Joe Biden kommt bei vielen Wählerinnen besser an als Donald Trump
Trumps demokratischer Herausforderer Joe Biden liegt bei den Wählerinnen in Pennsylvania deutlich vorne. Laut einer Umfrage der Monmouth-Universität im Bundesstaat New Jersey von Anfang Oktober würden nur rund 35 Prozent der befragten Frauen für Trump stimmen, 61 Prozent hingegen für Biden. In Florida sieht es der Umfrage zufolge ganz ähnlich aus. 60 Prozent der Frauen sprechen sich für Biden aus, im September war es noch 53.
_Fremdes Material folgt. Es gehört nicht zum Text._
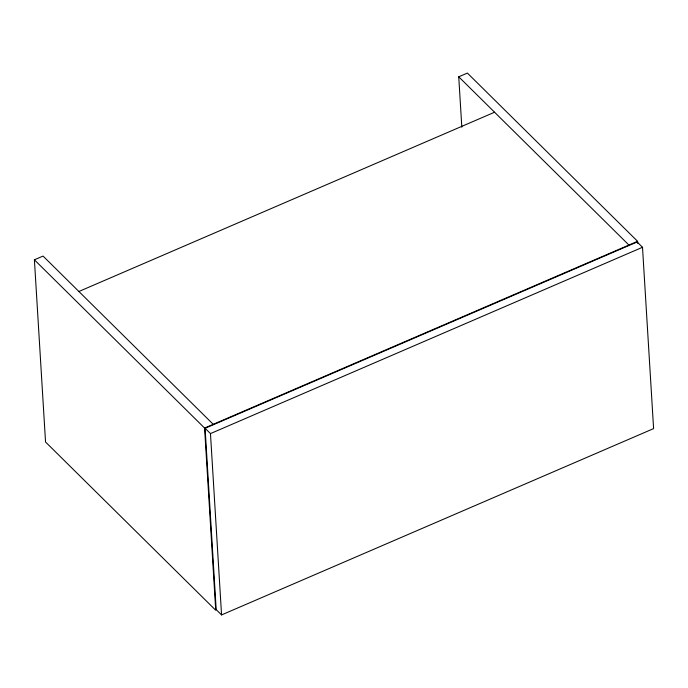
<?xml version="1.0" encoding="UTF-8"?>
<svg xmlns="http://www.w3.org/2000/svg" width="688" height="688" viewBox="0 0 688 688"><rect width="100%" height="100%" fill="white"/><g stroke="black" fill="none" stroke-linecap="round" stroke-linejoin="round"><path stroke-width="1.03" d="M34.4 259.806L204.585 428.056L215.731 610.256L45.546 442.006L34.4 259.806L43.06 256.074L213.246 424.324M461.82 127.185L458.741 76.807L467.401 73.074L637.587 241.325L637.724 243.466M78.888 291.497L494.569 112.23M204.585 428.056L637.587 241.325M205.093 428.289L637.14 241.97L642.506 247.284L653.6 428.607L221.562 614.926L216.187 609.611L205.093 428.289L210.468 433.595L221.562 614.926M210.468 433.595L642.506 247.284M458.741 76.807L628.927 245.057"/></g></svg>

Dass Biden bei vielen Frauen besser ankommt – liegt das vielleicht auch an Kamala Harris, Bidens charismatischer Kandidatin für die Vizepräsidentschaft? Politikwissenschaftlerin Wolbrecht dämpft derlei Erwartungen. „Man kann nicht sagen, dass Frauen generell Frauen wählen. Wenn man Republikanerin ist und sieht, dass die Demokraten mit einer Frau ins Rennen gehen, dann wird man nicht sagen: Ich teile zwar die Überzeugungen der Republikaner, werde aber die Frau wählen, weil ich selbst eine Frau bin.“ Abgesehen davon würden die Vize-Kandidaten bei der Entscheidung der Wähler ohnehin keine allzu große Rolle spielen, sagt Wolbrecht.